+++ DATASET ENTRIES

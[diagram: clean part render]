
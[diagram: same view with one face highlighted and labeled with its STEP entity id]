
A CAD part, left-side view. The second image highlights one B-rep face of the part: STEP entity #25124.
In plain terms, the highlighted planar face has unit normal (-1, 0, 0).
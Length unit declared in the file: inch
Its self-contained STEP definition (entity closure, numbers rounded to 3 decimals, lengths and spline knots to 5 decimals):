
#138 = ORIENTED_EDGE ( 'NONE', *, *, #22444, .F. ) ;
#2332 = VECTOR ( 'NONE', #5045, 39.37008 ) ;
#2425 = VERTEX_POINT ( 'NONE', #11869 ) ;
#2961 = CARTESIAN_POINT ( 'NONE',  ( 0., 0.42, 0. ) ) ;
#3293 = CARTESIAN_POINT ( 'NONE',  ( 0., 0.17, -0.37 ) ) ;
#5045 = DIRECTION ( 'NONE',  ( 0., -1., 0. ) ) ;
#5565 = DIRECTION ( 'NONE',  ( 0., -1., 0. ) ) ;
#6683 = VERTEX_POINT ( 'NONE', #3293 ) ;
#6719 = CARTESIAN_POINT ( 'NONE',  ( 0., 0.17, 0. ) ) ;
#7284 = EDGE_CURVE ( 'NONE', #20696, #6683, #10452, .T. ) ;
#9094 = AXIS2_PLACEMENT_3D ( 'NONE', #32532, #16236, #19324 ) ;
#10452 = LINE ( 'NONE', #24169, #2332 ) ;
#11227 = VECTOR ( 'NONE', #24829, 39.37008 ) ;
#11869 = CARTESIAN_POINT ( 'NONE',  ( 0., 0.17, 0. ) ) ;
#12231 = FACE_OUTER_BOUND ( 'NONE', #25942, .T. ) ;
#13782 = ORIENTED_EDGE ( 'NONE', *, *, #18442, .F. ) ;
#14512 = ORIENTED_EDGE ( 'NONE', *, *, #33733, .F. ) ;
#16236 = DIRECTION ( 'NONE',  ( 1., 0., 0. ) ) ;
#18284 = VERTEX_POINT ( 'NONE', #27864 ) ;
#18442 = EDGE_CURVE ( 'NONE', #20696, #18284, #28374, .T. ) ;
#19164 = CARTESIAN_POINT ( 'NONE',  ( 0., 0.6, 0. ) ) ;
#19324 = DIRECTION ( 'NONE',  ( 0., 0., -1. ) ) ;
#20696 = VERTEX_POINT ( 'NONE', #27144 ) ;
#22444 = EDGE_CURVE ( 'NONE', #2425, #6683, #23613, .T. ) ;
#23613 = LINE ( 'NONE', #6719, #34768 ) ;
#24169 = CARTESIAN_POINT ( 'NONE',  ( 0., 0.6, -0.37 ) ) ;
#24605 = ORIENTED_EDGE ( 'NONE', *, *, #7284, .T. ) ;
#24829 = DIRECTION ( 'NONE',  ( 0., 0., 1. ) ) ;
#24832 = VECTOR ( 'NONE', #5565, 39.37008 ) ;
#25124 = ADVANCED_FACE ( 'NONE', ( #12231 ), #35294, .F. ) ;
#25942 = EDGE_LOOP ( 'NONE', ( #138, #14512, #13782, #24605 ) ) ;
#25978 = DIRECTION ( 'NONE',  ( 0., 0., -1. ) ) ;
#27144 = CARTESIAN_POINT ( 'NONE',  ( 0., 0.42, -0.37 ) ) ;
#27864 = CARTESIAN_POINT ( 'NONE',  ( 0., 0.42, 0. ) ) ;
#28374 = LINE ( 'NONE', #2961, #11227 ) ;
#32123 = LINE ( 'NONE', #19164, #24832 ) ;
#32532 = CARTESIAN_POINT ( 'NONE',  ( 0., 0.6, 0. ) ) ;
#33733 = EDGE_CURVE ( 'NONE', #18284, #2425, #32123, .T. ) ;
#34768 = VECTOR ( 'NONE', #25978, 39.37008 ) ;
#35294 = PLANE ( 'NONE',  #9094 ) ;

++++++

■ **WHAT IS EXPECTED**:
The full set of records above is to be printed exactly as it appears.

■ **TASK RESPONSE**:
[diagram: clean part render]
[diagram: same view with one face highlighted and labeled with its STEP entity id]
A CAD part, left-side view. The second image highlights one B-rep face of the part: STEP entity #25124.
In plain terms, the highlighted planar face has unit normal (-1, 0, 0).
Length unit declared in the file: inch
Its self-contained STEP definition (entity closure, numbers rounded to 3 decimals, lengths and spline knots to 5 decimals):
#138 = ORIENTED_EDGE ( 'NONE', *, *, #22444, .F. ) ;
#2332 = VECTOR ( 'NONE', #5045, 39.37008 ) ;
#2425 = VERTEX_POINT ( 'NONE', #11869 ) ;
#2961 = CARTESIAN_POINT ( 'NONE',  ( 0., 0.42, 0. ) ) ;
#3293 = CARTESIAN_POINT ( 'NONE',  ( 0., 0.17, -0.37 ) ) ;
#5045 = DIRECTION ( 'NONE',  ( 0., -1., 0. ) ) ;
#5565 = DIRECTION ( 'NONE',  ( 0., -1., 0. ) ) ;
#6683 = VERTEX_POINT ( 'NONE', #3293 ) ;
#6719 = CARTESIAN_POINT ( 'NONE',  ( 0., 0.17, 0. ) ) ;
#7284 = EDGE_CURVE ( 'NONE', #20696, #6683, #10452, .T. ) ;
#9094 = AXIS2_PLACEMENT_3D ( 'NONE', #32532, #16236, #19324 ) ;
#10452 = LINE ( 'NONE', #24169, #2332 ) ;
#11227 = VECTOR ( 'NONE', #24829, 39.37008 ) ;
#11869 = CARTESIAN_POINT ( 'NONE',  ( 0., 0.17, 0. ) ) ;
#12231 = FACE_OUTER_BOUND ( 'NONE', #25942, .T. ) ;
#13782 = ORIENTED_EDGE ( 'NONE', *, *, #18442, .F. ) ;
#14512 = ORIENTED_EDGE ( 'NONE', *, *, #33733, .F. ) ;
#16236 = DIRECTION ( 'NONE',  ( 1., 0., 0. ) ) ;
#18284 = VERTEX_POINT ( 'NONE', #27864 ) ;
#18442 = EDGE_CURVE ( 'NONE', #20696, #18284, #28374, .T. ) ;
#19164 = CARTESIAN_POINT ( 'NONE',  ( 0., 0.6, 0. ) ) ;
#19324 = DIRECTION ( 'NONE',  ( 0., 0., -1. ) ) ;
#20696 = VERTEX_POINT ( 'NONE', #27144 ) ;
#22444 = EDGE_CURVE ( 'NONE', #2425, #6683, #23613, .T. ) ;
#23613 = LINE ( 'NONE', #6719, #34768 ) ;
#24169 = CARTESIAN_POINT ( 'NONE',  ( 0., 0.6, -0.37 ) ) ;
#24605 = ORIENTED_EDGE ( 'NONE', *, *, #7284, .T. ) ;
#24829 = DIRECTION ( 'NONE',  ( 0., 0., 1. ) ) ;
#24832 = VECTOR ( 'NONE', #5565, 39.37008 ) ;
#25124 = ADVANCED_FACE ( 'NONE', ( #12231 ), #35294, .F. ) ;
#25942 = EDGE_LOOP ( 'NONE', ( #138, #14512, #13782, #24605 ) ) ;
#25978 = DIRECTION ( 'NONE',  ( 0., 0., -1. ) ) ;
#27144 = CARTESIAN_POINT ( 'NONE',  ( 0., 0.42, -0.37 ) ) ;
#27864 = CARTESIAN_POINT ( 'NONE',  ( 0., 0.42, 0. ) ) ;
#28374 = LINE ( 'NONE', #2961, #11227 ) ;
#32123 = LINE ( 'NONE', #19164, #24832 ) ;
#32532 = CARTESIAN_POINT ( 'NONE',  ( 0., 0.6, 0. ) ) ;
#33733 = EDGE_CURVE ( 'NONE', #18284, #2425, #32123, .T. ) ;
#34768 = VECTOR ( 'NONE', #25978, 39.37008 ) ;
#35294 = PLANE ( 'NONE',  #9094 ) ;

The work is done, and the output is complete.